Recently, the wise Nancy Baym told me that when we say two things are opposite, we’re actually saying that they’re entirely alike in all ways but one (otherwise, for instance, night and pencils might more appropriately count as opposites, not night and day). That’s worth thinking about here, since it suggests that fundamental difference is regularly structured upon and within fundamental similarity. In storytelling terms, therefore, that which is most amazingly “different”/“original” may be only a slight reworking of something else. We’re often doing things wrong as analysts if we’re looking for true, stark difference (the pencils instead of daytime), as instead there may be just as much value to be found in seeing how night and day are related yet still different. So, yes, Obi-Wan and Han both get struck down … but how are the integers of those scenes different in ways that evoke different reactions, from us, from the characters, by the story itself? In my previous post, I suggested that this “similarity” is far from it, since the emotional weight is different, the intent (of the victim, and of the killer) is different, the place it has in the narrative is different. Originality comes when an expectation is violated, but expectations are set up through similarity.

opposites?

opposites?

Changing tacks, I’d also want to question what is being demanded of sequels and franchises in general here. It’s deeply perplexing to hear people angered and disappointed by a sequel doing things that the original did. Isn’t this par for course? When James Bond orders a vodka martini, gets a fast car with buttons that activate weapons on it, has a knock-down, drawn-out chase scene, or beds yet another woman, do we roll our eyes at how the film is just “fan service”? When we return to Godfather II and find out that it’s still a gangster film (yawn) obsessed with family members (oh, how original) who sometimes lie to each other and operate behind each other’s backs (never heard that before), while jockeying for power with other families or contenders (ripoff!), is this “fan fiction”? When Harry Potter has another Quidditch game that involves an amazing come-from-behind victory, when Katniss Everdeen must work her way through another set of competitors, when Bella Swan is still working out who she loves, is this all just pathetic repetition?
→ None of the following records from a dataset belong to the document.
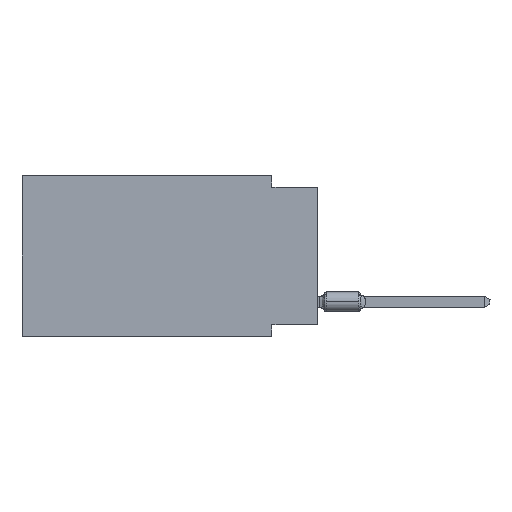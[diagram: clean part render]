
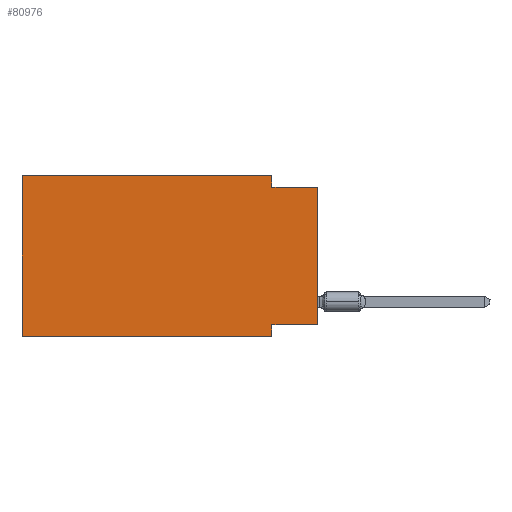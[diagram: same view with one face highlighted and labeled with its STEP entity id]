
A CAD part, left-side view. The second image highlights one B-rep face of the part: STEP entity #80976.
In plain terms, the highlighted planar face has unit normal (-1, 0, 0).
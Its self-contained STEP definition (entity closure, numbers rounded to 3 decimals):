
#461 = EDGE_CURVE ( 'NONE', #80840, #91994, #59689, .T. ) ;
#1789 = DIRECTION ( 'NONE',  ( 0., 0., -1. ) ) ;
#2571 = LINE ( 'NONE', #55834, #107119 ) ;
#3787 = EDGE_CURVE ( 'NONE', #29578, #91994, #70299, .T. ) ;
#4427 = DIRECTION ( 'NONE',  ( 0., 0., -1. ) ) ;
#6798 = ORIENTED_EDGE ( 'NONE', *, *, #103943, .T. ) ;
#7023 = ORIENTED_EDGE ( 'NONE', *, *, #3787, .T. ) ;
#7084 = CARTESIAN_POINT ( 'NONE',  ( 0., 2.54, -0.635 ) ) ;
#10771 = VECTOR ( 'NONE', #17939, 1000. ) ;
#15897 = EDGE_CURVE ( 'NONE', #63323, #18765, #79507, .T. ) ;
#16019 = CARTESIAN_POINT ( 'NONE',  ( 0., 16.383, 0. ) ) ;
#17939 = DIRECTION ( 'NONE',  ( 0., 0., 1. ) ) ;
#18424 = LINE ( 'NONE', #53359, #20202 ) ;
#18555 = ORIENTED_EDGE ( 'NONE', *, *, #15897, .F. ) ;
#18765 = VERTEX_POINT ( 'NONE', #19576 ) ;
#19576 = CARTESIAN_POINT ( 'NONE',  ( 0., 2.54, 0. ) ) ;
#20202 = VECTOR ( 'NONE', #1789, 1000. ) ;
#20304 = ORIENTED_EDGE ( 'NONE', *, *, #59723, .F. ) ;
#21621 = CARTESIAN_POINT ( 'NONE',  ( 0., 16.383, 0. ) ) ;
#26797 = DIRECTION ( 'NONE',  ( 0., -1., 0. ) ) ;
#26802 = VECTOR ( 'NONE', #56413, 1000. ) ;
#29211 = CARTESIAN_POINT ( 'NONE',  ( 0., 0., -0.635 ) ) ;
#29578 = VERTEX_POINT ( 'NONE', #99260 ) ;
#30086 = LINE ( 'NONE', #65002, #26802 ) ;
#32409 = VECTOR ( 'NONE', #94627, 1000. ) ;
#33788 = VERTEX_POINT ( 'NONE', #7084 ) ;
#37072 = EDGE_CURVE ( 'NONE', #18765, #33788, #18424, .T. ) ;
#37532 = DIRECTION ( 'NONE',  ( 0., 0., 1. ) ) ;
#37780 = CARTESIAN_POINT ( 'NONE',  ( 0., 2.54, -8.89 ) ) ;
#38212 = VECTOR ( 'NONE', #85869, 1000. ) ;
#38394 = CARTESIAN_POINT ( 'NONE',  ( 0., 0., -0.635 ) ) ;
#41442 = VECTOR ( 'NONE', #109365, 1000. ) ;
#41737 = VECTOR ( 'NONE', #26797, 1000. ) ;
#43331 = CARTESIAN_POINT ( 'NONE',  ( 0., 0., -8.255 ) ) ;
#43360 = EDGE_CURVE ( 'NONE', #29578, #63323, #52878, .T. ) ;
#46268 = DIRECTION ( 'NONE',  ( 1., 0., 0. ) ) ;
#48182 = ORIENTED_EDGE ( 'NONE', *, *, #37072, .F. ) ;
#50708 = ORIENTED_EDGE ( 'NONE', *, *, #461, .F. ) ;
#52878 = LINE ( 'NONE', #78641, #10771 ) ;
#53359 = CARTESIAN_POINT ( 'NONE',  ( 0., 2.54, 0. ) ) ;
#55834 = CARTESIAN_POINT ( 'NONE',  ( 0., 0., 0. ) ) ;
#56413 = DIRECTION ( 'NONE',  ( 0., 1., 0. ) ) ;
#56685 = LINE ( 'NONE', #29211, #41442 ) ;
#59689 = LINE ( 'NONE', #104339, #32409 ) ;
#59723 = EDGE_CURVE ( 'NONE', #82970, #80840, #30086, .T. ) ;
#63323 = VERTEX_POINT ( 'NONE', #104672 ) ;
#65002 = CARTESIAN_POINT ( 'NONE',  ( 0., 0., -8.255 ) ) ;
#65493 = EDGE_LOOP ( 'NONE', ( #6798, #68821, #48182, #18555, #103934, #7023, #50708, #20304 ) ) ;
#68821 = ORIENTED_EDGE ( 'NONE', *, *, #103039, .F. ) ;
#70299 = LINE ( 'NONE', #105237, #41737 ) ;
#72944 = VERTEX_POINT ( 'NONE', #38394 ) ;
#73730 = FACE_OUTER_BOUND ( 'NONE', #65493, .T. ) ;
#78641 = CARTESIAN_POINT ( 'NONE',  ( 0., 16.383, 0. ) ) ;
#79507 = LINE ( 'NONE', #16019, #38212 ) ;
#80840 = VERTEX_POINT ( 'NONE', #84146 ) ;
#80976 = ADVANCED_FACE ( 'NONE', ( #73730 ), #91468, .F. ) ;
#82970 = VERTEX_POINT ( 'NONE', #43331 ) ;
#84146 = CARTESIAN_POINT ( 'NONE',  ( 0., 2.54, -8.255 ) ) ;
#84753 = AXIS2_PLACEMENT_3D ( 'NONE', #21621, #46268, #4427 ) ;
#85869 = DIRECTION ( 'NONE',  ( 0., -1., 0. ) ) ;
#91468 = PLANE ( 'NONE',  #84753 ) ;
#91994 = VERTEX_POINT ( 'NONE', #37780 ) ;
#94627 = DIRECTION ( 'NONE',  ( 0., 0., -1. ) ) ;
#99260 = CARTESIAN_POINT ( 'NONE',  ( 0., 16.383, -8.89 ) ) ;
#103039 = EDGE_CURVE ( 'NONE', #33788, #72944, #56685, .T. ) ;
#103934 = ORIENTED_EDGE ( 'NONE', *, *, #43360, .F. ) ;
#103943 = EDGE_CURVE ( 'NONE', #82970, #72944, #2571, .T. ) ;
#104339 = CARTESIAN_POINT ( 'NONE',  ( 0., 2.54, -8.89 ) ) ;
#104672 = CARTESIAN_POINT ( 'NONE',  ( 0., 16.383, 0. ) ) ;
#105237 = CARTESIAN_POINT ( 'NONE',  ( 0., 16.383, -8.89 ) ) ;
#107119 = VECTOR ( 'NONE', #37532, 1000. ) ;
#109365 = DIRECTION ( 'NONE',  ( 0., -1., 0. ) ) ;

Sequels repeat. That is what they promise to do. They are all “fan fiction,” if fan fiction is the act of taking many of the same characters or elements and reworking them with some new elements added. And unless a sequel radically violates the terms of the original world, narrative, or characters, it’s also always “fan service.” Using those terms to criticize a sequel, therefore, is too often indicative of the speaker’s derogatory elitist ignorance about fandom (aw, how cute that some people think all fanfic is “My Big Day at Hogwarts,” and don’t know about all the fucking and cuddling that Harry and Draco get up to in fanfic), but also betrays a very odd lack of awareness of the very point of sequels, like complaining that a eulogy just wouldn’t shut up about the dead person and their life.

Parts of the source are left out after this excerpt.